Local history: Saving lives and creating opportunities

Margaret MacDonald. Photo: Library and Archives Canada
By Dorothy Grant 2 September 2022 Share this story
In the inferno of the First World War, a Nova Scotian woman transformed nursing and helped women break into the military
Born in 1873 in Bailey’s Brook, Pictou County, Margaret MacDonald was the youngest of nine children. Her family ran the village’s general store, the only local source of farming supplies and imported goods, and was relatively prosperous. This, combined with her mother’s passion for ensure her children were well educated (rare for girls in that era), gave MacDonald unique opportunities early in her life.
After her primary education at Stella Maris Convent School in Pictou, MacDonald went on to follow her older sisters to Mount St. Vincent (forerunner of the eponymous university) in Halifax in 1890, which was then a Sisters of Charity convent school.
She studied nursing and, against her parents’ wishes, she went on to study nursing at Charity Hospital Training School in New York. After graduating in 1895, Margaret MacDonald went to Panama to work as a nurse during the construction of the Panama Canal. While there, she survived a bout of malaria and moved into military nursing, where her career blossomed.
She served aboard an American hospital ship during the Spanish–American War in 1898, and then headed to South Africa to join British forces fighting the Boer War. In 1900, she became one of the first women in the Empire to earn a military commission.
After that, she returned to Canada and soon became head of the Army Medical Corps. She was in charge of the admission process and sought to maintain high professional standards. Many Canadian nurses learned on the job in those days, but she wouldn’t accept candidates without professional training. Men dominated the military, but her high standards and rigour soon earned her a reputation as a leader in her field.
MacDonald moved to the U.K. to learn about the country’s renowned military nursing program, then then the First World War ignited, and transformed her career as she became focused on leadership and building an effective team.
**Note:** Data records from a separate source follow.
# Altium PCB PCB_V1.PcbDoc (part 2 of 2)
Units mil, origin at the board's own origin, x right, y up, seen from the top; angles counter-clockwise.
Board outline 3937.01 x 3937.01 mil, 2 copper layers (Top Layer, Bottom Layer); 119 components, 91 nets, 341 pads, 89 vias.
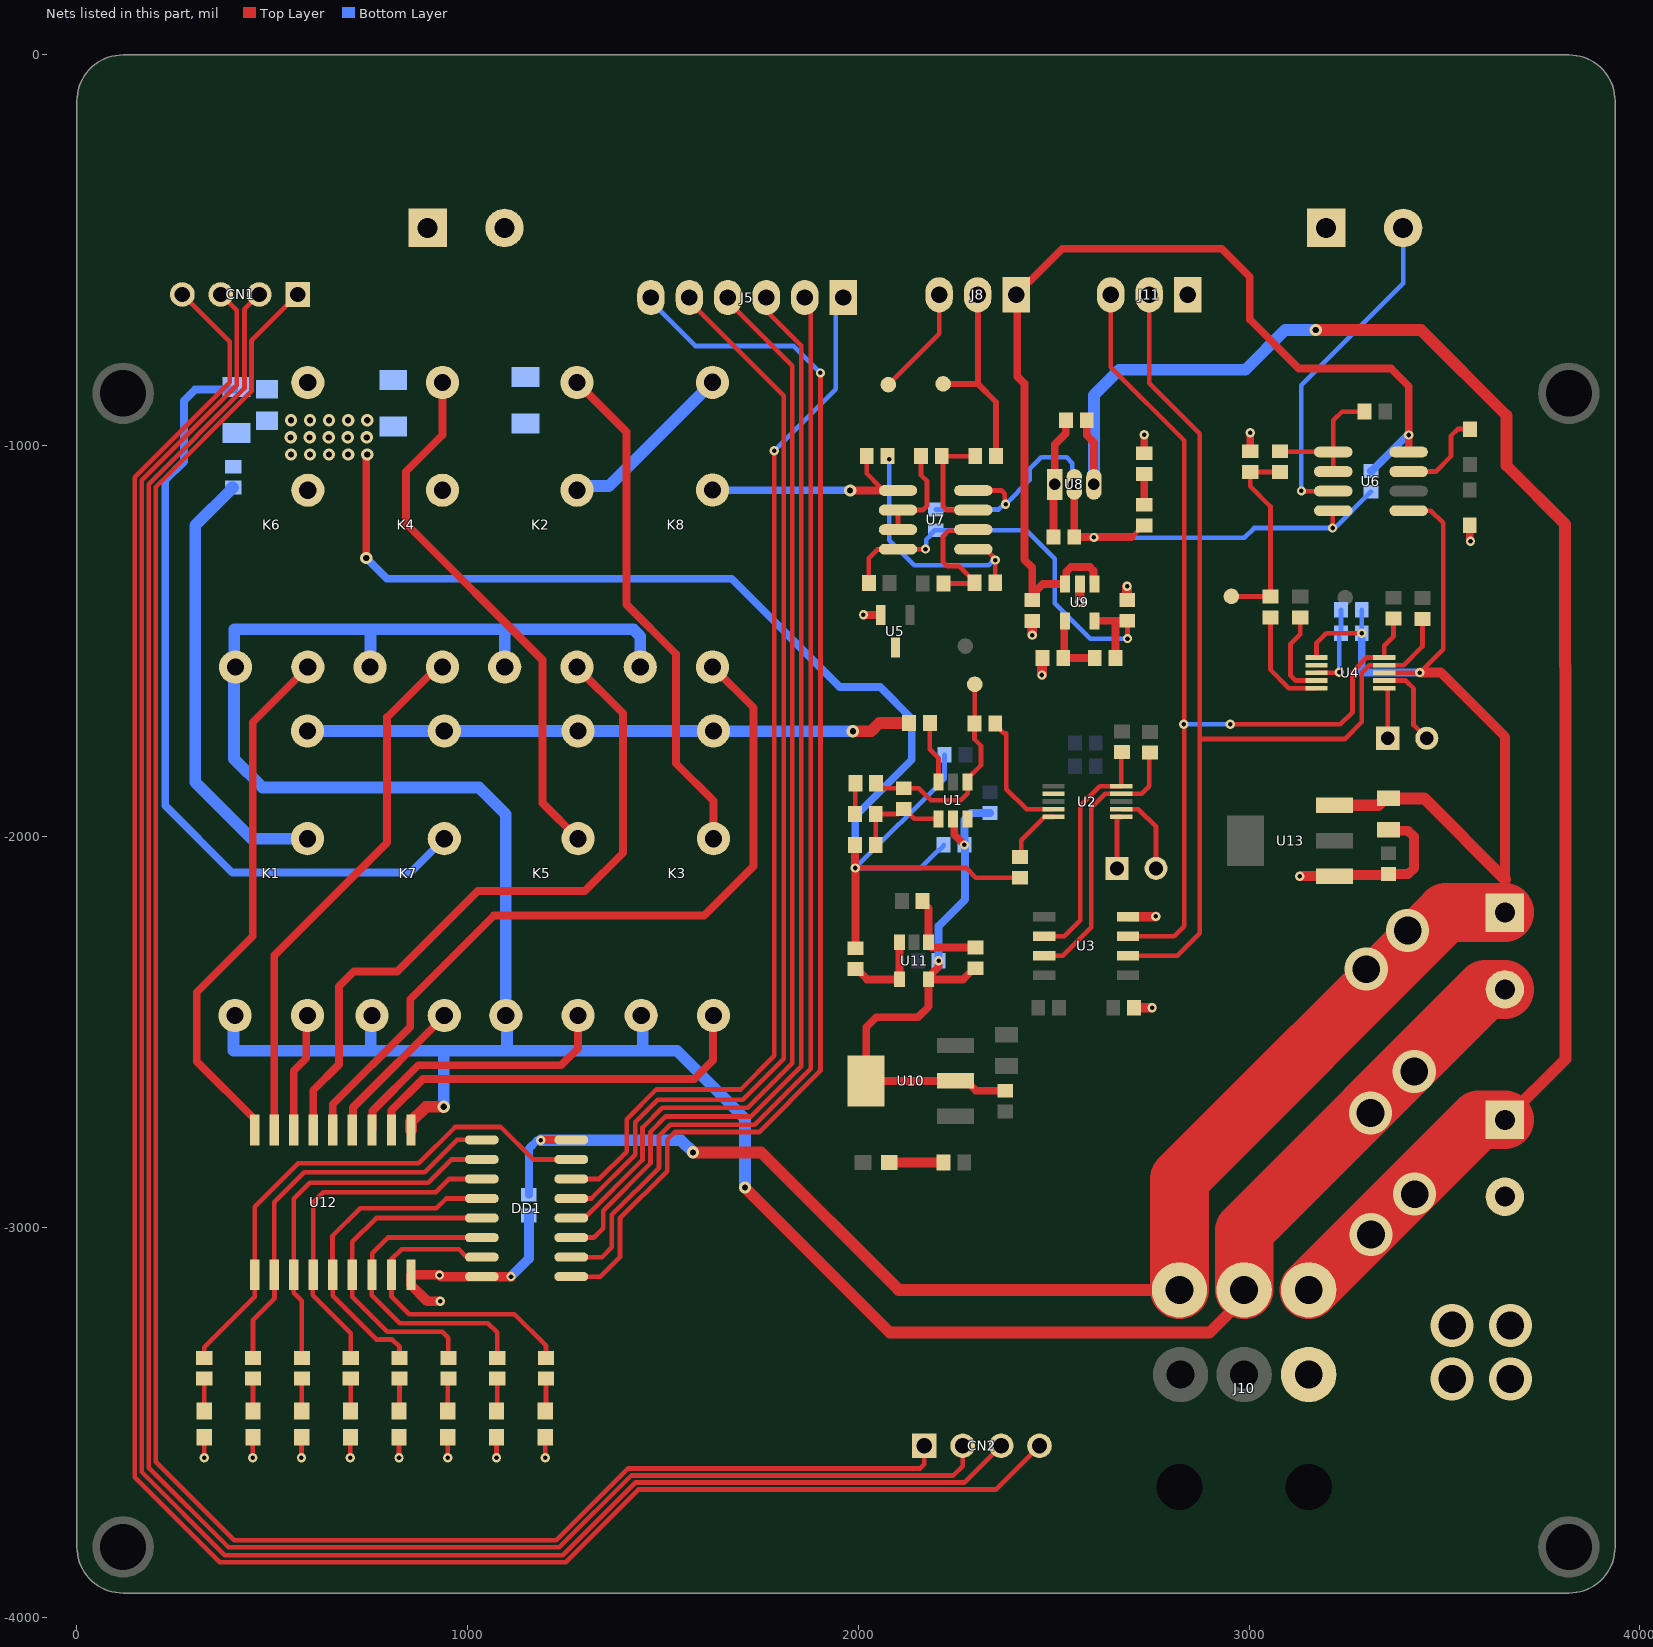
[diagram p2: the nets of this part, all layers, seen from the top]

## Via types
v1: diameter 23.62, hole 11.81, Top Layer to Bottom Layer, 53 vias
v2: diameter 31.5, hole 15.75, Top Layer to Bottom Layer, 26 vias
v3: diameter 110.24, hole 70.87, Top Layer to Bottom Layer, 10 vias

## Nets (pads, with @x,y where several pads share a name; then routed paths per layer and width w, separated by ;. In a path a pad name is that pad's centre, name@x,y a point inside that pad or via, vN(x,y) a via of type N, cw(c..) or ccw(c..) an arc to the next point about the centre after c; other vN are vias at no path point) (continued)
+5V: C9.1 C10.1 C19.2 C22.2 DD1.16 J7.2 J10.6 U4.1 U4.8 U6.5 U13.3 | length 5777.9
  Top Layer w12: U4.1@3183,-1542.15 3182.91,-1542.25 U4.1@3172.95,-1542.25 3172.95,-1505.05 3198,-1480 v1(3288.57,-1480) ; U4.8@3346.18,-1581.62 3346.27,-1581.52 3436.48,-1581.52 v1(3437,-1581) 3497,-1521 3497,-1198 3465.47,-1166.47 U6.5@3408.57,-1166.47 U6.5@3409,-1166.89
  Top Layer w20: v1(1187,-2778) 1187.5,-2777.5 1264.99,-2777.5 DD1.16@1265.49,-2777
  Top Layer w25: v1(3437,-1581) 3491,-1581 3655,-1745 3655,-2110 J7.2@3655,-2195.15
  Top Layer w30: v2(1577,-2809) 1751,-2809 2103.06,-3161.06 J10.6@2822,-3161.06 ; U13.3@3219.17,-1920.76 3330.24,-1920.76 3348,-1903 C22.2@3357,-1903 3448,-1903 3655,-2110
  Top Layer w150: J10.6@2822,-3161.06 2822,-2877 3503.85,-2195.15 J7.2@3655,-2195.15
  Bottom Layer w12: v1(3288.57,-1480) C9.1@3288.57,-1420
  Bottom Layer w20: C19.2@1157,-2917.43 1157,-2799 1178,-2778 v1(1187,-2778) ; v1(3288.57,-1480) 3288.57,-1581 v1(3437,-1581)
  Bottom Layer w30: v1(1187,-2778) 1546,-2778 v2(1577,-2809)
  other v3: 3300,-2340 3406,-2241
+6.5V: C11.2 C15.2 R18.2 R30.2 U7.8 U9.5 | length 1175.7
  Top Layer w12: R18.2@2027,-1352 2027,-1288 2049,-1266 2100.54,-1266 U7.8@2101.54,-1265 v1(2172,-1265) ; C15.2@2688,-1448.42 2689,-1449.42 v1(2689,-1494)
  Top Layer w20: U9.5@2604.4,-1448.4 2658.47,-1448.41 ; R30.2@2658.15,-1543.37 2658.15,-1448.73 2658.47,-1448.41 ; C15.2@2688,-1448.42 2658.47,-1448.41
  Bottom Layer w12: v1(2172,-1265) 2174.22,-1262.78 2174.22,-1240.35 2184.31,-1230.26 2184.31,-1228.29 2196.03,-1216.57 C11.2@2198,-1216.57 2429.57,-1216.57 2503,-1290 2503,-1403 2594,-1494 v1(2689,-1494)
+12: J7.1 J10.5 K1.4 K2.4 K3.4 K4.4 K5.4 K6.4 K7.4 K8.4 U12.10 | length 7674.9
  Top Layer w30: U12.10@855,-2751.96 855,-2730.78 893.78,-2692 v2(939,-2692) ; v2(1710,-2899) 2081,-3270 2899,-3270 2987.35,-3181.65 J10.5@2987.35,-3161.06
  Top Layer w150: J10.5@2987.35,-3161.06 2987.35,-3009.65 3605,-2392 J7.1@3655,-2392
  Bottom Layer w30: K1.4@404.93,-2458.81 401,-2462.74 401,-2549 752,-2549 ; K4.4@750.46,-1566.97 751.62,-1565.81 751.62,-1470.14 ; K7.4@755.32,-2458.81 752,-2462.13 752,-2549 ; v2(939,-2692) 939,-2549 ; K2.4@1094.95,-1566.97 1094.95,-1470.14 ; K8.4@1441.96,-1566.35 1441.96,-1487.72 1424.39,-1470.14 1094.95,-1470.14 ; K3.4@1444.3,-2458.81 1448,-2462.51 1448,-2549 ; v2(1710,-2899) 1710,-2723 1536,-2549 1448,-2549 ; 751.62,-1470.14 1094.95,-1470.14 ; 751.62,-1470.14 402.62,-1470.14 402.62,-1563.61 K6.4@405.97,-1566.97 402,-1570.94 402,-1802 475,-1875 1029,-1875 1097.84,-1943.84 K5.4@1097.84,-2458.81 1101,-2461.97 1101,-2549 ; 752,-2549 939,-2549 ; 939,-2549 1101,-2549 ; 1101,-2549 1448,-2549
  other v3: 3311,-2708 3423,-2602
+24V: C12.2 C17.2 J8.1 U6.8 U9.1 U9.3 | length 2600.5
  Top Layer w12: U9.1@2604.4,-1353.91 U9.1@2605,-1354.51
  Top Layer w20: J8.1@2403.85,-614 2403.85,-604 2428.85,-579 2438.85,-579 2521.85,-496 2930,-496 3002,-568 3002,-677 3128,-803 3364,-803 3409,-848 v1(3409,-973) 3409,-1016.04 U6.8@3408.57,-1016.47 ; J8.1@2404.43,-627 2407,-629.57 2407,-823 2425,-841 2425,-1292 2445,-1312 C17.2@2445,-1381.57 ; C17.2@2445,-1395.43 C17.2@2445,-1381.57 ; U9.1@2604.4,-1353.91 2601.61,-1351.12 2601.61,-1319.92 2592.69,-1311 2544.11,-1311 2532.39,-1322.72 2532.39,-1351.12 U9.3@2529.6,-1353.91 2472.66,-1353.91 C17.2@2445,-1381.57
  Bottom Layer w20: C12.2@3312.12,-1064.89 3314.08,-1064.89 3405.28,-973.69 3408.31,-973.69 v1(3409,-973)
-1.2V: C11.1 C12.1 C14.2 R27.1 U6.4 U7.4 U8.2 | length 1727.3
  Top Layer w12: U7.4@2294.46,-1115 2367.16,-1115 2375.19,-1123.03 2375.19,-1148.19 v1(2377,-1150) ; C14.2@2552.57,-1234 C14.2@2552.79,-1233.79 ; U8.2@2552.79,-1099.53 U8.2@2553,-1099.31 ; 2699.62,-1234 2729.05,-1204.57 R27.1@2732,-1204.57 ; v1(3214,-1211) 3214,-1168.12 U6.4@3215.66,-1166.47
  Top Layer w20: C14.2@2552.57,-1234 2699.62,-1234 ; C14.2@2552.79,-1233.79 U8.2@2552.79,-1099.53
  Bottom Layer w12: C11.1@2198,-1163.43 2359.57,-1163.43 2373,-1150 v1(2377,-1150) 2439,-1088 2439,-1059 2468,-1030 2532.97,-1030 2547.76,-1044.79 2547.76,-1094.08 U8.2@2553,-1099.31 ; v1(2603,-1235) 2603,-1236 2988,-1236 3013,-1211 v1(3214,-1211) 3219.16,-1211 C12.1@3312.12,-1118.04
-5V: C13.2 J4.2 J10.4 U8.3 | length 4228.1
  Top Layer w20: C13.2@2584.57,-935 2584.57,-973.57 2603,-992 U8.3@2603,-1099.31
  Top Layer w30: v2(3171,-704) 3440,-704 3659,-923 3659,-1051 3809,-1201 3809,-1564 3810,-1565 3810,-2570.57 J4.2@3655,-2725.57
  Top Layer w150: J10.4@3152.71,-3161.06 3588.2,-2725.57 J4.2@3655,-2725.57
  Bottom Layer w30: U8.3@2603,-1099.31 2603,-871 2668,-806 2991,-806 3093,-704 v2(3171,-704)
  other v3: 3312,-3019 3424,-2916
A: K2.3 K3.2 R13.2 | length 1312.1
  Top Layer w20: K2.3@1279.99,-838.62 1406.5,-965.14 1406.5,-1406.5 1533,-1533 1533,-1813 1629.34,-1909.34 K3.2@1629.34,-2006.06
A_Select: K2.1 U12.15 | length 1787.9
  Top Layer w20: U12.15@605,-2751.96 605,-2650 671,-2584 671,-2384 709,-2346 820,-2346 1026,-2140 1300,-2140 1398,-2042 1398,-1685.82 1279.99,-1567.8 K2.1@1279.99,-1566.97
A_Sense: K3.1 U12.11 | length 1046.6
  Top Layer w20: U12.11@805,-2751.96 805,-2702 886,-2621 1580,-2621 1628,-2573 1628,-2460.15 K3.1@1629.34,-2458.81
  Bottom Layer w20: K3.1@1629.34,-2458.81 K3.1@1629.34,-2453.34
Current_IN: J9.1 K1.2 K2.2 K4.2 K6.2 K8.3 R9.2 | length 1604.7
  Bottom Layer w30: R9.2@400.06,-1107.32 397.11,-1107.32 394.39,-1110.04 394.39,-1112.99 303,-1204.39 303,-1862 447.06,-2006.06 K1.2@589.97,-2006.06 ; K2.2@1279.99,-1114.21 1290.51,-1103.69 1361.31,-1103.69 K8.3@1627,-838
Current_OUT: C1.2 C5.2 J9.2 R3.2 R6.1 R9.1 R10.1 R12.1 R13.1 R31.1 R43.1 | length 3609.1
  Top Layer w12: v1(1992,-2081) 2276,-2081 2301,-2106 R3.2@2414,-2106
  Top Layer w20: v2(740.5,-1287.5) 740.5,-1025.5 v2(743,-1023) ; v1@1991.31,-2080.31 v1@1991.43,-2080.43 ; R6.1@1991.43,-2022.25 v1@1991.43,-2080.43 ; R31.1@1993,-2286.43 1992.5,-2285.93 1992.5,-2081.5 v1(1992,-2081) v1@1991.43,-2080.43
  Bottom Layer w12: C1.2@2218.43,-2022 2218.43,-2023.97 2206.71,-2035.69 2204.74,-2035.69 2159.43,-2081 v1(1992,-2081) 2220.85,-1852.15 C5.2@2220.85,-1791
  Bottom Layer w20: v2(740.5,-1287.5) 793,-1340 793,-1341 1675.72,-1341 1952.72,-1618 2056,-1618 2136.72,-1698.72 2136.72,-1804.28 1992,-1949 v1(1992,-2081)
  other v2: 548,-1023 596.75,-1023 645.5,-1023 694.25,-1023 547,-979 595.75,-979 644.5,-979 693.25,-979 742,-979 548,-935 596.75,-935 645.5,-935 694.25,-935 743,-935
DAC_AUX: J8.3 TP3.1 | length 283.8
  Top Layer w12: TP3.1@2077,-844 2207,-714 J8.3@2207,-614
DAC_ISET: J8.2 R25.1 TP4.1 | length 508.3
  Top Layer w15: TP4.1@2217,-842 2306,-842 ; J8.2@2306,-627 2306,-842 ; R25.1@2352.57,-1027 2352.57,-888.57 2306,-842
DIN: DD1.14 J5.1 | length 2712.6
  Top Layer w12: DD1.14@1265.49,-2877 1337,-2877 1407,-2807 1407,-2724 1483,-2648 1699,-2648 1785,-2562 v1(1785,-1013)
  Bottom Layer w12: v1(1785,-1013) 1942,-856 1942,-640.28 J5.1@1961.28,-621
DOUT: DD1.9 J5.6 | length 3266.9
  Top Layer w12: DD1.9@1265.49,-3127 1340,-3127 1390,-3077 1390,-2978 1511,-2857 1511,-2776 1530,-2757 1746,-2757 1903,-2600 v1(1903,-814)
  Bottom Layer w12: J5.6@1469.15,-621 1469.15,-631 1583.15,-745 1834,-745 v1(1903,-814)
FULL_RANGE: R14.2 R23.1 R24.2 TP1.1 | length 516.6
  Top Layer w12: TP1.1@2955,-1386 2955.21,-1386.21 3054.79,-1386.21 R14.2@3055,-1386.43 3055,-1156 3003,-1104 R24.2@3003,-1067.57 R23.1@3079,-1067.57
GND: C7.1 C9.2 C10.2 C13.1 C14.1 C15.1 C17.1 C19.1 C21.1 C22.1 D1.2 D3.2 D5.2 D6.2 D7.2 D8.2 D9.2 D10.2 D11.2 DD1.8 J4.1 J10.3 R24.1 R28.2 R32.2 U3.4 U4.3 U5.2 U8.1 U9.2 U12.9 U13.1 | length 2421.1
  Top Layer w12: D5.2@325.9,-3538 326.05,-3538.15 v1(326.05,-3590.5) ; v1(449.87,-3590.5) 449.87,-3538.73 D6.2@450.6,-3538 ; v1(574.69,-3590.5) 574.69,-3538.61 D1.2@575.3,-3538 ; v1(699.51,-3590.5) 699.51,-3538.49 D7.2@700,-3538 ; v1(824.33,-3590.5) 824.33,-3538.37 D8.2@824.7,-3538 ; v1(949.15,-3590.5) 949.15,-3538.24 D9.2@949.4,-3538 ; v1(1073.98,-3590.5) 1073.98,-3538.12 D10.2@1074.1,-3538 ; v1(1198.8,-3590.5) D11.2@1198.8,-3538 ; U8.1@2499.43,-1102.89 U8.1@2503,-1099.31 ; C13.1@2531,-935.43 C13.1@2531.43,-935 ; U4.3@3172.95,-1581.62 3229.38,-1581.62 v1(3230.67,-1580.33)
  Top Layer w20: v1(2013,-1433) 2013.33,-1433.33 2057.27,-1433.33 U5.2@2057.6,-1433.66 ; C14.1@2499.43,-1234 U8.1@2499.43,-1102.89 ; U8.1@2503,-1099.31 2503,-997 2531,-969 C13.1@2531,-935.43 ; R28.2@2732,-1019.43 v1(2732,-972) ; R24.1@3003,-1014.43 v1(3003,-967) ; D3.2@3565,-1204.28 3565,-1243 v1(3567,-1245)
  Top Layer w25: v1(930,-3190) 896.78,-3190 855,-3148.22 U12.9@855,-3122.04 927.04,-3122.04 v1(928,-3123) 932,-3127 DD1.8@1036.51,-3127 v1(1111,-3127) ; v1(2445,-1485) C17.1@2445,-1448.57 ; v1(2470,-1587) 2470,-1545.43 R32.2@2471.43,-1544 ; v1(2567,-1401.16) U9.2@2567,-1353.91 ; C15.1@2688,-1395.27 v1(2688,-1360) ; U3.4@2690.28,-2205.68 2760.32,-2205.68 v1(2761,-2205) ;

Amidst the war’s tumult, she saw the opportunity to make a huge change for the women and chip away at the era’s harsh gender roles. She made a huge step toward her goal in 1914, becoming matron-in-chief of a group that would eventually comprise about 3,000 nurses.
The first woman in the British Empire to earn the title, she was also responsible for the safety and welfare of her nurses, arranging their transportation, security, accommodations, and health care. It was hard, but MacDonald’s experience and leadership skills served her well. While illness claimed some of her nurses, the vast majority made it through the war, performing nobly.
And when those nurses came home, many found that their service now gave them the skills and experience to pursue new opportunities — a key step in the dramatic 20th-century shift in the role of women in Canada.
Margaret returned to Canada in 1919. Here she aided in reorganizing The Royal Canadian Army Medical Corp, which was the new title of The Canadian Medical Corps, of which she was the head.
Exhausted from her gruelling service, MacDonald retired in 1920 at age 51, and returned to Bailey’s Brook, where she died on September 7, 1948, at the age of 75.